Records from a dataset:

--*--

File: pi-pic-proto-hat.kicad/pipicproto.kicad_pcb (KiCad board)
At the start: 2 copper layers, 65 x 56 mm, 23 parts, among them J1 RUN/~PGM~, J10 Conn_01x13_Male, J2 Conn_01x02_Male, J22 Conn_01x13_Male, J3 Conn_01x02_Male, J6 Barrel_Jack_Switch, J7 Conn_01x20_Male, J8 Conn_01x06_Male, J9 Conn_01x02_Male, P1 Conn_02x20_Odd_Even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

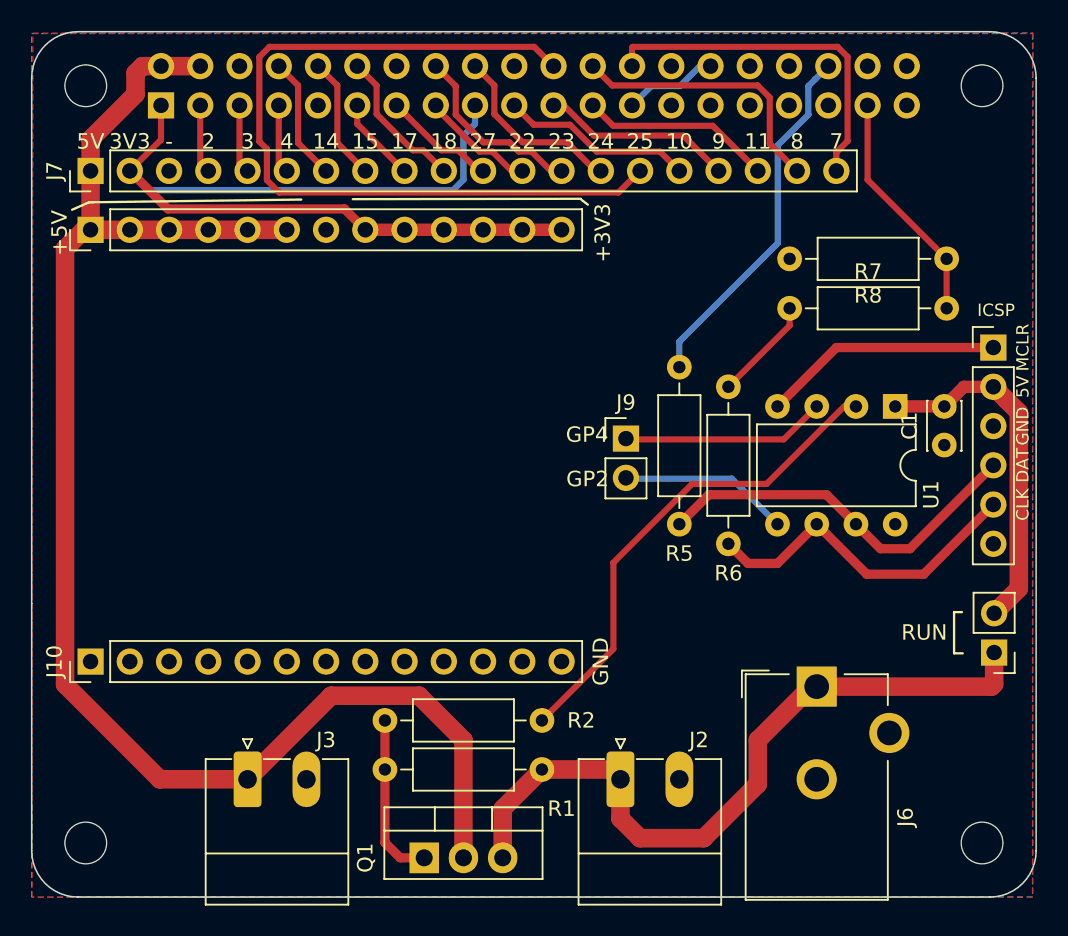
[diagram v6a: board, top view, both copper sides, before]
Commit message: V2.06: remove R6 (not needed, since we added a voltage-divider)
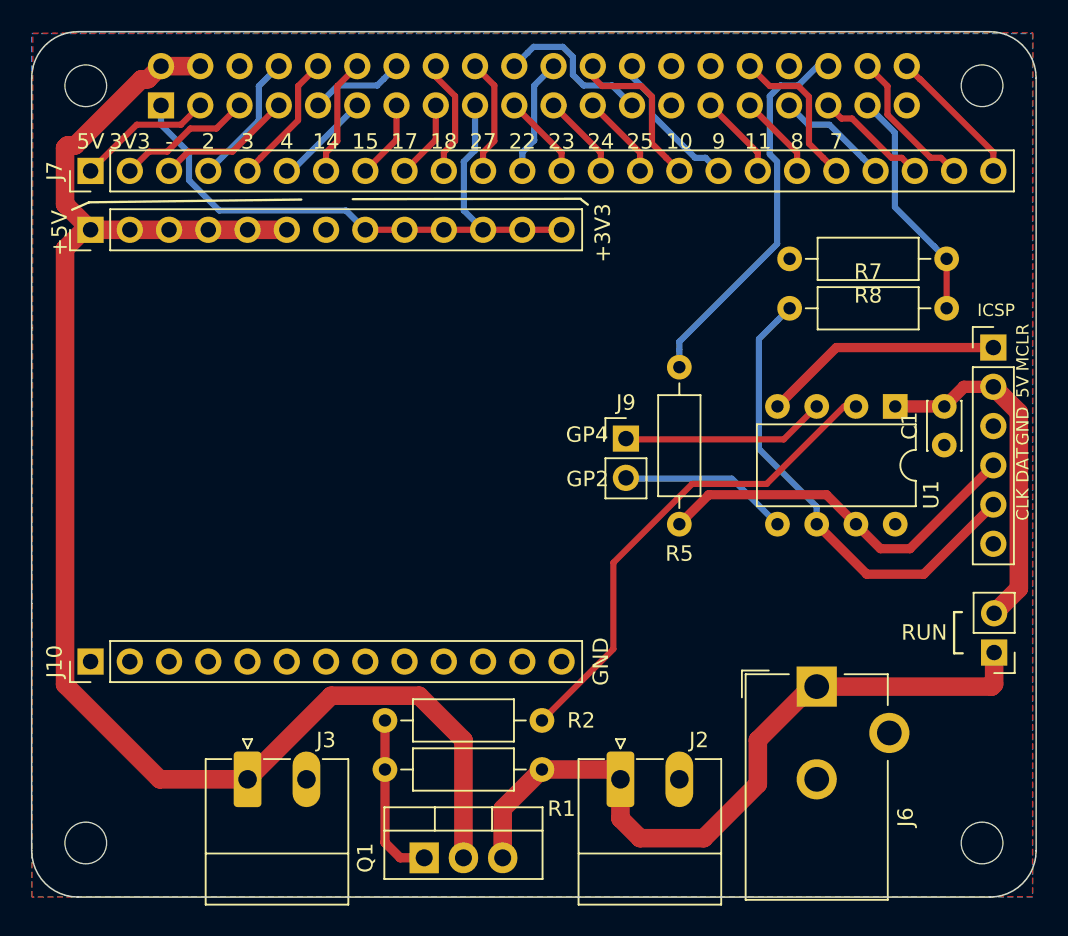
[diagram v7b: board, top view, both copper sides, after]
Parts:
- removed R6: 1k, Resistor_THT:R_Axial_DIN0207_L6.3mm_D2.5mm_P10.16mm_Horizontal
- J7: value Conn_01x20_Male -> Conn_01x24_Male; footprint Connector_PinHeader_2.54mm:PinHeader_1x20_P2.54mm_Vertical -> Connector_PinHeader_2.54mm:PinHeader_1x24_P2.54mm_Vertical
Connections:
- J7 pad 1: +5V -> /GPIO2(SDA1)
- J7 pad 10: /GPIO18(GEN1)(PWM0) -> /GPIO23(GEN4)
- J7 pad 11: /GPIO27(GEN2) -> /GPIO24(GEN5)
- J7 pad 12: /GPIO22(GEN3) -> /GPIO25(GEN6)
- J7 pad 13: /GPIO23(GEN4) -> /GPIO10(SPI0_MOSI)
- J7 pad 14: /GPIO24(GEN5) -> /GPIO9(SPI0_MISO)
- J7 pad 15: /GPIO25(GEN6) -> /GPIO11(SPI0_SCK)
- J7 pad 16: /GPIO10(SPI0_MOSI) -> /GPIO8(SPI0_CE_0)
- J7 pad 17: /GPIO9(SPI0_MISO) -> /GPIO7(SPI0_CE_1)
- J7 pad 18: /GPIO11(SPI0_SCK) -> /GPIO5
- J7 pad 19: /GPIO8(SPI0_CE_0) -> /GPIO6
- J7 pad 2: +3V3 -> /GPIO3(SCL1)
- J7 pad 20: /GPIO7(SPI0_CE_1) -> /GPIO12(PWM0)
- J7 pad 3: GND -> /GPIO4(GCLK)
- J7 pad 4: /GPIO2(SDA1) -> /GPIO14(TXD0)
- J7 pad 5: /GPIO3(SCL1) -> /GPIO15(RXD0)
- J7 pad 6: /GPIO4(GCLK) -> /GPIO17(GEN0)
- J7 pad 7: /GPIO14(TXD0) -> /GPIO18(GEN1)(PWM0)
- J7 pad 8: /GPIO15(RXD0) -> /GPIO27(GEN2)
- J7 pad 9: /GPIO17(GEN0) -> /GPIO22(GEN3)
- R7 pad 1: Net-(R6-Pad2) -> /CLK
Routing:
- net /GPIO25(GEN6): track 53.1 -> 7.62 mm
- net +3V3: track 62.7 -> 39.9 mm
- net /GPIO7(SPI0_CE_1): track 23.1 -> 9.49 mm
- net GND: track 6.13 -> 16.5 mm
- net /GPIO12(PWM0): track 0.00 -> 10.2 mm
- net /GPIO20(SPI1_MOSI): track 0.00 -> 9.49 mm
- net /GPIO21(SPI1_SCK): track 0.00 -> 9.11 mm
- net /CLK: track 21.9 -> 31.0 mm
- net /GPIO13(PWM1): track 0.00 -> 7.36 mm
- net /GPIO19(SPI1_MISO): track 0.00 -> 7.36 mm
- net /GPIO8(SPI0_CE_0): track 17.8 -> 10.6 mm
- net /GPIO10(SPI0_MOSI): track 12.4 -> 5.51 mm
- net /GPIO11(SPI0_SCK): track 12.4 -> 5.51 mm
- net Net-(R6-Pad2): track 6.72 -> 0.00 mm
- net /GPIO9(SPI0_MISO): track 12.4 -> 6.17 mm
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
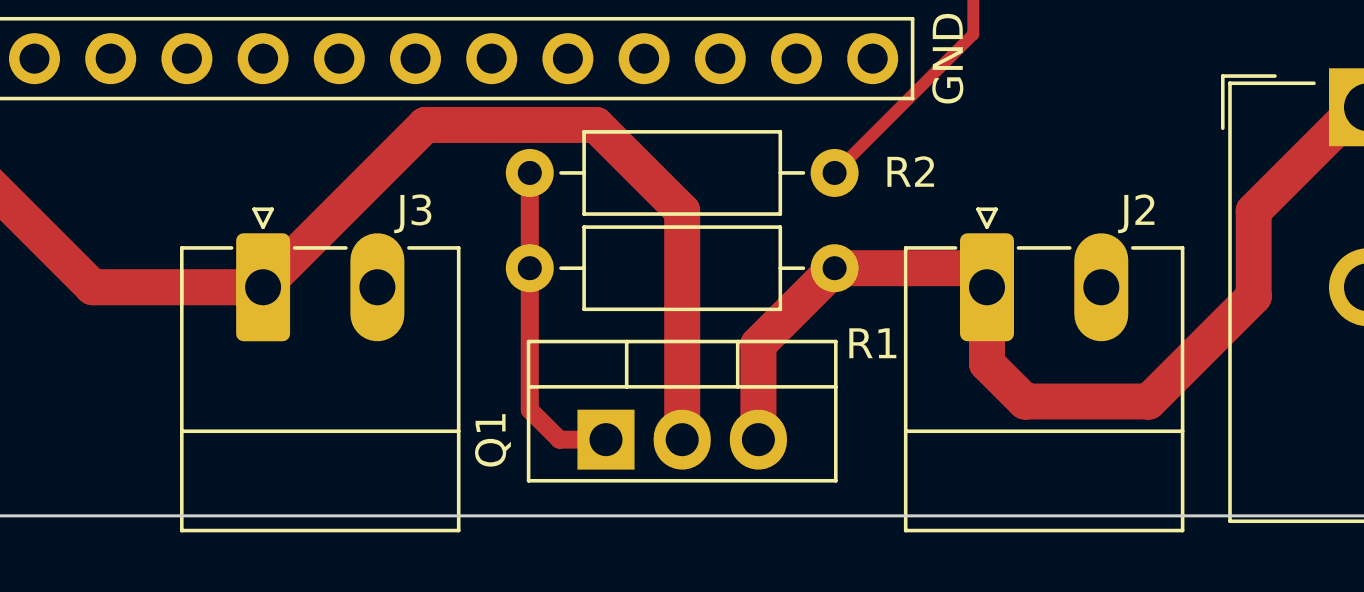
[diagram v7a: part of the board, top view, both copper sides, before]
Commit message: V2.07: remove J2/J3 connectors
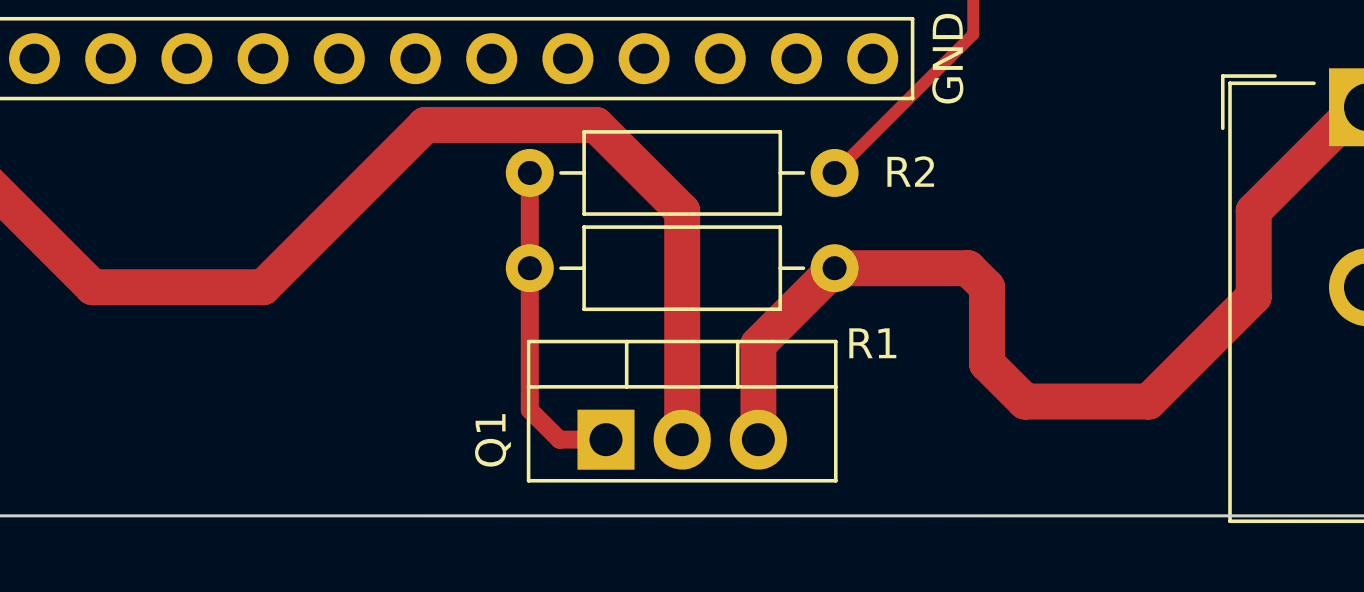
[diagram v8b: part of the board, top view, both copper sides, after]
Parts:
- removed J2, J3: Conn_01x02_Male, Connector_Phoenix_MC:PhoenixContact_MC_1,5_2-G-3.81_1x02_P3.81mm_Horizontal
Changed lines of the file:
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@@
     (tracks 195)
     (zones 0)
-    (modules 22)
+    (modules 20)
     (nets 44)
   )
@@
       (at (xyz 0 0 0))
       (scale (xyz 1 1 1))
-      (rotate (xyz 0 0 0))
-    )
-  )
-  (module Connector_Phoenix_MC:PhoenixContact_MC_1,5_2-G-3.81_1x02_P3.81mm_Horizontal (layer F.Cu)
-    (at 238.1 142.38)
-    (descr "Generic Phoenix Contact connector footprint for: MC_1,5/2-G-3.81; number of pins: 02; pin pitch: 3.81mm; Angled || order number: 1803277 8A 160V")
-    (tags "phoenix_contact connector MC_01x02_G_3.81mm")
-    (fp_text reference J2 (at 5.08 -2.54) (layer F.SilkS)
-      (effects (font (size 1 1) (thickness 0.15)))
-    )
-    (fp_text value Conn_01x02_Male (at 1.9 9.2) (layer F.Fab)
-      (effects (font (size 1 1) (thickness 0.15)))
-    )
-    (fp_text user %R (at 1.9 -0.5) (layer F.Fab)
-      (effects (font (size 1 1) (thickness 0.15)))
-    )
-    (fp_line (start 0 0) (end -0.8 -1.2) (layer F.Fab) (width 0.1))
-    (fp_line (start 0.8 -1.2) (end 0 0) (layer F.Fab) (width 0.1))
-    (fp_line (start -0.3 -2.6) (end 0.3 -2.6) (layer F.SilkS) (width 0.12))
-    (fp_line (start 0 -2) (end -0.3 -2.6) (layer F.SilkS) (width 0.12))
-    (fp_line (start 0.3 -2.6) (end 0 -2) (layer F.SilkS) (width 0.12))
-    (fp_line (start 6.91 -2.3) (end -3.21 -2.3) (layer F.CrtYd) (width 0.05))
-    (fp_line (start 6.91 8.5) (end 6.91 -2.3) (layer F.CrtYd) (width 0.05))
-    (fp_line (start -3.21 8.5) (end 6.91 8.5) (layer F.CrtYd) (width 0.05))
-    (fp_line (start -3.21 -2.3) (end -3.21 8.5) (layer F.CrtYd) (width 0.05))
-    (fp_line (start -2.71 4.8) (end 6.52 4.8) (layer F.SilkS) (width 0.12))
-    (fp_line (start 6.41 -1.2) (end -2.6 -1.2) (layer F.Fab) (width 0.1))
-    (fp_line (start 6.41 8) (end 6.41 -1.2) (layer F.Fab) (width 0.1))
-    (fp_line (start -2.6 8) (end 6.41 8) (layer F.Fab) (width 0.1))
-    (fp_line (start -2.6 -1.2) (end -2.6 8) (layer F.Fab) (width 0.1))
-    (fp_line (start 1.05 -1.31) (end 2.76 -1.31) (layer F.SilkS) (width 0.12))
-    (fp_line (start 6.52 -1.31) (end 4.86 -1.31) (layer F.SilkS) (width 0.12))
-    (fp_line (start -2.71 -1.31) (end -1.05 -1.31) (layer F.SilkS) (width 0.12))
-    (fp_line (start 6.52 8.11) (end 6.52 -1.31) (layer F.SilkS) (width 0.12))
-    (fp_line (start -2.71 8.11) (end 6.52 8.11) (layer F.SilkS) (width 0.12))
-    (fp_line (start -2.71 -1.31) (end -2.71 8.11) (layer F.SilkS) (width 0.12))
-    (pad 2 thru_hole oval (at 3.81 0) (size 1.8 3.6) (drill 1.2) (layers *.Cu *.Mask)
-      (net 3 GND))
-    (pad 1 thru_hole roundrect (at 0 0) (size 1.8 3.6) (drill 1.2) (layers *.Cu *.Mask) (roundrect_rratio 0.138889)
-      (net 43 +5P))
-    (model ${KISYS3DMOD}/Connector_Phoenix_MC.3dshapes/PhoenixContact_MC_1,5_2-G-3.81_1x02_P3.81mm_Horizontal.wrl
-      (at (xyz 0 0 0))
-      (scale (xyz 1 1 1))
-      (rotate (xyz 0 0 0))
-    )
-  )
-  (module Connector_Phoenix_MC:PhoenixContact_MC_1,5_2-G-3.81_1x02_P3.81mm_Horizontal (layer F.Cu)
-    (at 213.97 142.38)
-    (descr "Generic Phoenix Contact connector footprint for: MC_1,5/2-G-3.81; number of pins: 02; pin pitch: 3.81mm; Angled || order number: 1803277 8A 160V")
-    (tags "phoenix_contact connector MC_01x02_G_3.81mm")
-    (fp_text reference J3 (at 5.08 -2.54) (layer F.SilkS)
-      (effects (font (size 1 1) (thickness 0.15)))
-    )
-    (fp_text value Conn_01x02_Male (at 1.9 9.2) (layer F.Fab)
-      (effects (font (size 1 1) (thickness 0.15)))
-    )
-    (fp_line (start -2.71 -1.31) (end -2.71 8.11) (layer F.SilkS) (width 0.12))
-    (fp_line (start -2.71 8.11) (end 6.52 8.11) (layer F.SilkS) (width 0.12))
-    (fp_line (start 6.52 8.11) (end 6.52 -1.31) (layer F.SilkS) (width 0.12))
-    (fp_line (start -2.71 -1.31) (end -1.05 -1.31) (layer F.SilkS) (width 0.12))
-    (fp_line (start 6.52 -1.31) (end 4.86 -1.31) (layer F.SilkS) (width 0.12))
-    (fp_line (start 1.05 -1.31) (end 2.76 -1.31) (layer F.SilkS) (width 0.12))
-    (fp_line (start -2.6 -1.2) (end -2.6 8) (layer F.Fab) (width 0.1))
-    (fp_line (start -2.6 8) (end 6.41 8) (layer F.Fab) (width 0.1))
-    (fp_line (start 6.41 8) (end 6.41 -1.2) (layer F.Fab) (width 0.1))
-    (fp_line (start 6.41 -1.2) (end -2.6 -1.2) (layer F.Fab) (width 0.1))
-    (fp_line (start -2.71 4.8) (end 6.52 4.8) (layer F.SilkS) (width 0.12))
-    (fp_line (start -3.21 -2.3) (end -3.21 8.5) (layer F.CrtYd) (width 0.05))
-    (fp_line (start -3.21 8.5) (end 6.91 8.5) (layer F.CrtYd) (width 0.05))
-    (fp_line (start 6.91 8.5) (end 6.91 -2.3) (layer F.CrtYd) (width 0.05))
-    (fp_line (start 6.91 -2.3) (end -3.21 -2.3) (layer F.CrtYd) (width 0.05))
-    (fp_line (start 0.3 -2.6) (end 0 -2) (layer F.SilkS) (width 0.12))
-    (fp_line (start 0 -2) (end -0.3 -2.6) (layer F.SilkS) (width 0.12))
-    (fp_line (start -0.3 -2.6) (end 0.3 -2.6) (layer F.SilkS) (width 0.12))
-    (fp_line (start 0.8 -1.2) (end 0 0) (layer F.Fab) (width 0.1))
-    (fp_line (start 0 0) (end -0.8 -1.2) (layer F.Fab) (width 0.1))
-    (fp_text user %R (at 1.9 -0.5) (layer F.Fab)
-      (effects (font (size 1 1) (thickness 0.15)))
-    )
-    (pad 1 thru_hole roundrect (at 0 0) (size 1.8 3.6) (drill 1.2) (layers *.Cu *.Mask) (roundrect_rratio 0.138889)
-      (net 2 +5V))
-    (pad 2 thru_hole oval (at 3.81 0) (size 1.8 3.6) (drill 1.2) (layers *.Cu *.Mask)
-      (net 3 GND))
-    (model ${KISYS3DMOD}/Connector_Phoenix_MC.3dshapes/PhoenixContact_MC_1,5_2-G-3.81_1x02_P3.81mm_Horizontal.wrl
-      (at (xyz 0 0 0))
-      (scale (xyz 1 1 1))

--*--

**Your goal**
Look through the entries for lines containing the word "both" and return each one.

**Answer space**
[diagram v6a: board, top view, both copper sides, before]
[diagram v7b: board, top view, both copper sides, after]
[diagram v7a: part of the board, top view, both copper sides, before]
[diagram v8b: part of the board, top view, both copper sides, after]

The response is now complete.